MMMM I WANT one of those!


----------



## dances with guns (Sep 10, 2009)

that sure is a sweet little piece, how much did that set you back , if you don't mind me asking? :smt023


----------



## plentyofpaws (Nov 7, 2008)

*A Bunch*



dances with guns said:


> that sure is a sweet little piece, how much did that set you back , if you don't mind me asking? :smt023


Out the door with taxes etc, $1242. Yep thats a lot, but I figured if I was gonna get one I should get a good one!


----------



## Todd (Jul 3, 2006)

plentyofpaws said:


> Out the door with taxes etc, $1242. Yep thats a lot, but I figured if I was gonna get one I should get a good one!

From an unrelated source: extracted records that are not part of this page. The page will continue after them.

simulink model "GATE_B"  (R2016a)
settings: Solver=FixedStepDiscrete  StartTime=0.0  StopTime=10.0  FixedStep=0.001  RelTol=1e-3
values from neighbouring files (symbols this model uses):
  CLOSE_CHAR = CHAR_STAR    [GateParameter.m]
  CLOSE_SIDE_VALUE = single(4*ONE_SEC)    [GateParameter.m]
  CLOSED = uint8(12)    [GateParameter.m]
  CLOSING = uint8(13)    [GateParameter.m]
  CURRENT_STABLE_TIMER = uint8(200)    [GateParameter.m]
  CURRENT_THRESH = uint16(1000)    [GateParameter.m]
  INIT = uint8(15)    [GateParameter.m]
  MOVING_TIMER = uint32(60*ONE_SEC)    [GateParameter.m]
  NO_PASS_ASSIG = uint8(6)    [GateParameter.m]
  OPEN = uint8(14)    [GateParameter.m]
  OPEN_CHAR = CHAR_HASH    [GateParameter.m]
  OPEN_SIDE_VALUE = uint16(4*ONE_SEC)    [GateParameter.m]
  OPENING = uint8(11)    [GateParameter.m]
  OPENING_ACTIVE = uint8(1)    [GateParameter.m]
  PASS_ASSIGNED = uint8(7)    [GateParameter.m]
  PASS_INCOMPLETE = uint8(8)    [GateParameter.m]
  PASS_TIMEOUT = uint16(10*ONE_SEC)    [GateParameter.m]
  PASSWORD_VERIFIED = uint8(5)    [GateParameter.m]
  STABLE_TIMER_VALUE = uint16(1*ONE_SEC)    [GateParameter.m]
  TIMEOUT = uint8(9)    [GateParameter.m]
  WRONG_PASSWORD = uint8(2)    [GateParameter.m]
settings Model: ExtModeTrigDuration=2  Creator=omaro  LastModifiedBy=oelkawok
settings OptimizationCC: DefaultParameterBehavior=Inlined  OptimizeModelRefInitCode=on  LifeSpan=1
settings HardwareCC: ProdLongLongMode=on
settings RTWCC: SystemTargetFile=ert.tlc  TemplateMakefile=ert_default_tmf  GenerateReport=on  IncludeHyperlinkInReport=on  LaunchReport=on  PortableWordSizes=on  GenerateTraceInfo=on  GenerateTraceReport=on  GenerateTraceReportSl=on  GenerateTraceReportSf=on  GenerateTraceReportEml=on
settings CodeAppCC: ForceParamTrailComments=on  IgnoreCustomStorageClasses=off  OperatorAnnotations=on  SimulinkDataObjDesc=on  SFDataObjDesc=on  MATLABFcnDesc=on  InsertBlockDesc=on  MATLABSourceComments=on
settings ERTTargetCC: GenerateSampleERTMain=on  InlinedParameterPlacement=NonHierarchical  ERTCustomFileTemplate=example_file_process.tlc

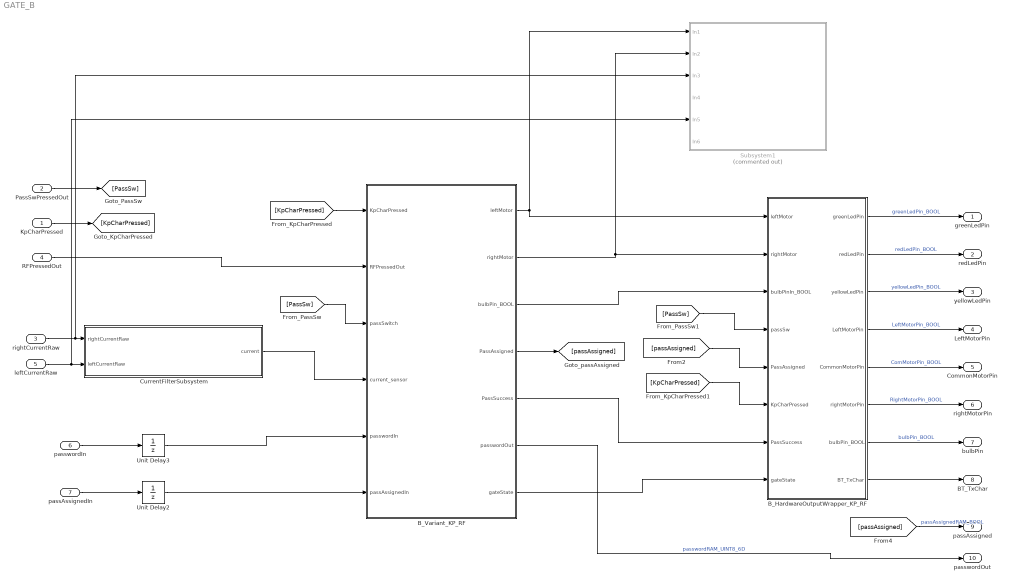
== system GATE_B ==
  KpCharPressed : Inport  OutDataTypeStr=uint8
  PassSwPressedOut : Inport  Port=2  OutDataTypeStr=boolean
  rightCurrentRaw : Inport  Port=3  OutDataTypeStr=uint16
  RFPressedOut : Inport  Port=4  OutDataTypeStr=uint8
  leftCurrentRaw : Inport  Port=5  OutDataTypeStr=uint16
  passwordIn : Inport  Port=6  OutDataTypeStr=uint8  PortDimensions=6
  passAssignedIn : Inport  Port=7  OutDataTypeStr=boolean
  B_HardwareOutputWrapper_KP_RF : Subsystem  VariantControl=Variant2
  B_Variant_KP_RF : Subsystem  VariantControl=Variant2
  CurrentFilterSubsystem : Subsystem
  Subsystem1 : Subsystem  Commented=on
  Unit Delay2 : UnitDelay  SampleTime=-1
  Unit Delay3 : UnitDelay  SampleTime=-1
  greenLedPin : Outport  OutDataTypeStr=boolean  PortDimensions=1  SampleTime=[0.001,0]
  redLedPin : Outport  Port=2  OutDataTypeStr=boolean  PortDimensions=1  SampleTime=[0.001,0]
  yellowLedPin : Outport  Port=3  OutDataTypeStr=boolean  PortDimensions=1  SampleTime=[0.001,0]
  LeftMotorPin : Outport  Port=4  OutDataTypeStr=boolean  PortDimensions=1  SampleTime=[0.001,0]
  CommonMotorPin : Outport  Port=5  OutDataTypeStr=boolean  PortDimensions=1  SampleTime=[0.001,0]
  rightMotorPin : Outport  Port=6  OutDataTypeStr=boolean  PortDimensions=1  SampleTime=[0.001,0]
  bulbPin : Outport  Port=7  OutDataTypeStr=boolean  PortDimensions=1  SampleTime=[0.001,0]
  BT_TxChar : Outport  Port=8  OutDataTypeStr=double  PortDimensions=1  SampleTime=[0.001,0]
  passAssigned : Outport  Port=9  OutDataTypeStr=boolean  PortDimensions=1  SampleTime=[0.001,0]
  passwordOut : Outport  Port=10  OutDataTypeStr=uint8  PortDimensions=6  SampleTime=[0.001,0]
  wires:
  CurrentFilterSubsystem/1(current) -> B_Variant_KP_RF/4(current_sensor)
  B_Variant_KP_RF/5(PassSuccess) -> B_HardwareOutputWrapper_KP_RF/7(PassSuccess)
  Unit Delay3/1 -> B_Variant_KP_RF/5(passwordIn)
  Unit Delay2/1 -> B_Variant_KP_RF/6(passAssignedIn)
  B_Variant_KP_RF/6(passwordOut) -> passwordOut/1  "passwordRAM_UINT8_6D"
  [passAssigned] -> B_HardwareOutputWrapper_KP_RF/5(PassAssigned)
  B_Variant_KP_RF/4(PassAssigned) -> [passAssigned]
  B_HardwareOutputWrapper_KP_RF/8(BT_TxChar) -> BT_TxChar/1
  B_HardwareOutputWrapper_KP_RF/7(bulbPin_BOOL) -> bulbPin/1  "bulbPin_BOOL"
  B_HardwareOutputWrapper_KP_RF/6(rightMotorPin) -> rightMotorPin/1  "RightMotorPin_BOOL"
  B_HardwareOutputWrapper_KP_RF/5(CommonMotorPin) -> CommonMotorPin/1  "ComMotorPin_BOOL"
  B_HardwareOutputWrapper_KP_RF/4(LeftMotorPin) -> LeftMotorPin/1  "LeftMotorPin_BOOL"
  B_HardwareOutputWrapper_KP_RF/3(yellowLedPin) -> yellowLedPin/1  "yellowLedPin_BOOL"
  B_HardwareOutputWrapper_KP_RF/2(redLedPin) -> redLedPin/1  "redLedPin_BOOL"
  B_HardwareOutputWrapper_KP_RF/1(greenLedPin) -> greenLedPin/1  "greenLedPin_BOOL"
  [KpCharPressed] -> B_HardwareOutputWrapper_KP_RF/6(KpCharPressed)
  [PassSw] -> B_HardwareOutputWrapper_KP_RF/4(passSw)
  B_Variant_KP_RF/3(bulbPin_BOOL) -> B_HardwareOutputWrapper_KP_RF/3(bulbPinIn_BOOL)
  B_Variant_KP_RF/1(leftMotor) -> B_HardwareOutputWrapper_KP_RF/1(leftMotor), Subsystem1/1(In1)
  [KpCharPressed] -> B_Variant_KP_RF/1(KpCharPressed)
  rightCurrentRaw/1 -> CurrentFilterSubsystem/1(rightCurrentRaw), Subsystem1/3(In3)
  [PassSw] -> B_Variant_KP_RF/3(passSwitch)
  RFPressedOut/1 -> B_Variant_KP_RF/2(RFPressedOut)
  KpCharPressed/1 -> [KpCharPressed]
  PassSwPressedOut/1 -> [PassSw]
  leftCurrentRaw/1 -> CurrentFilterSubsystem/2(leftCurrentRaw), Subsystem1/5(In5)
  [passAssigned] -> passAssigned/1  "passAssignedRAM_BOOL"
  passAssignedIn/1 -> Unit Delay2/1
  passwordIn/1 -> Unit Delay3/1
  B_Variant_KP_RF/2(rightMotor) -> B_HardwareOutputWrapper_KP_RF/2(rightMotor), Subsystem1/2(In2)
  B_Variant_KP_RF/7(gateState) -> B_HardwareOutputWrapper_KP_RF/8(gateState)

Damn straight. Quality over quantity any day of the week.


----------



## VAMarine (Dec 25, 2008)

Looks good. :smt023


----------



## spongebobmac (Sep 1, 2009)

:smt023hmmm, ill take quality AND quantity....2 xd 9mm and a XDm 40....:buttkick: j/k, but congrats on your new baby, im sure it was worth every single penny,she's a beauty:smt023


----------



## Rys2k8Altima (Oct 15, 2009)

Thats hot


----------



## bigben09 (Dec 23, 2008)

nice piece


----------



## DevilsJohnson (Oct 21, 2007)

If you're going to get a short 1911 type weapon then you're going to have ot dig deeper to get it. And got it you did. Very nice.:smt119:drooling:


----------



## righttoown (Jan 4, 2010)

Nice purchase!


----------



## plentyofpaws (Nov 7, 2008)

beretta-neo said:


> Congrats.
> 
> Let us know how the recoil is on a small 45 like that


Really enjoy shooting this baby. The recoil is not bad at all, well to me it isn't. I think my little KelTec P11 has more recoil than the Springer.


----------



## dosborn (Apr 17, 2009)

Very nice!! You guys keep making me add stuff to my list..


----------



## eastlandb1 (Apr 26, 2009)

Very, Very nice.


----------



## blacknite51 (Sep 20, 2009)

yeah that thing is sexy. im jealous!


----------



## Pokerhitman (Jan 20, 2010)

awesome...congrats......im jealous...that is all....


----------



## terryger (Feb 1, 2010)

she's a looker alright!:smt023


----------



## jediwebdude (Nov 30, 2008)

Congrats!! I want one of those real bad. I keep going to my local gun store and drooling over it. Set myself a goal: if I lose 50 lbs., I'll reward myself with one. Wifey can't argue with that. So far, that goal is 45 lbs away. :smt047


----------



## Rogelk (Jan 23, 2010)

Very nice! I'm just a casual admirer of 1911's. But, in my mind that one or the DW BT are the ones to have. Congrats!


----------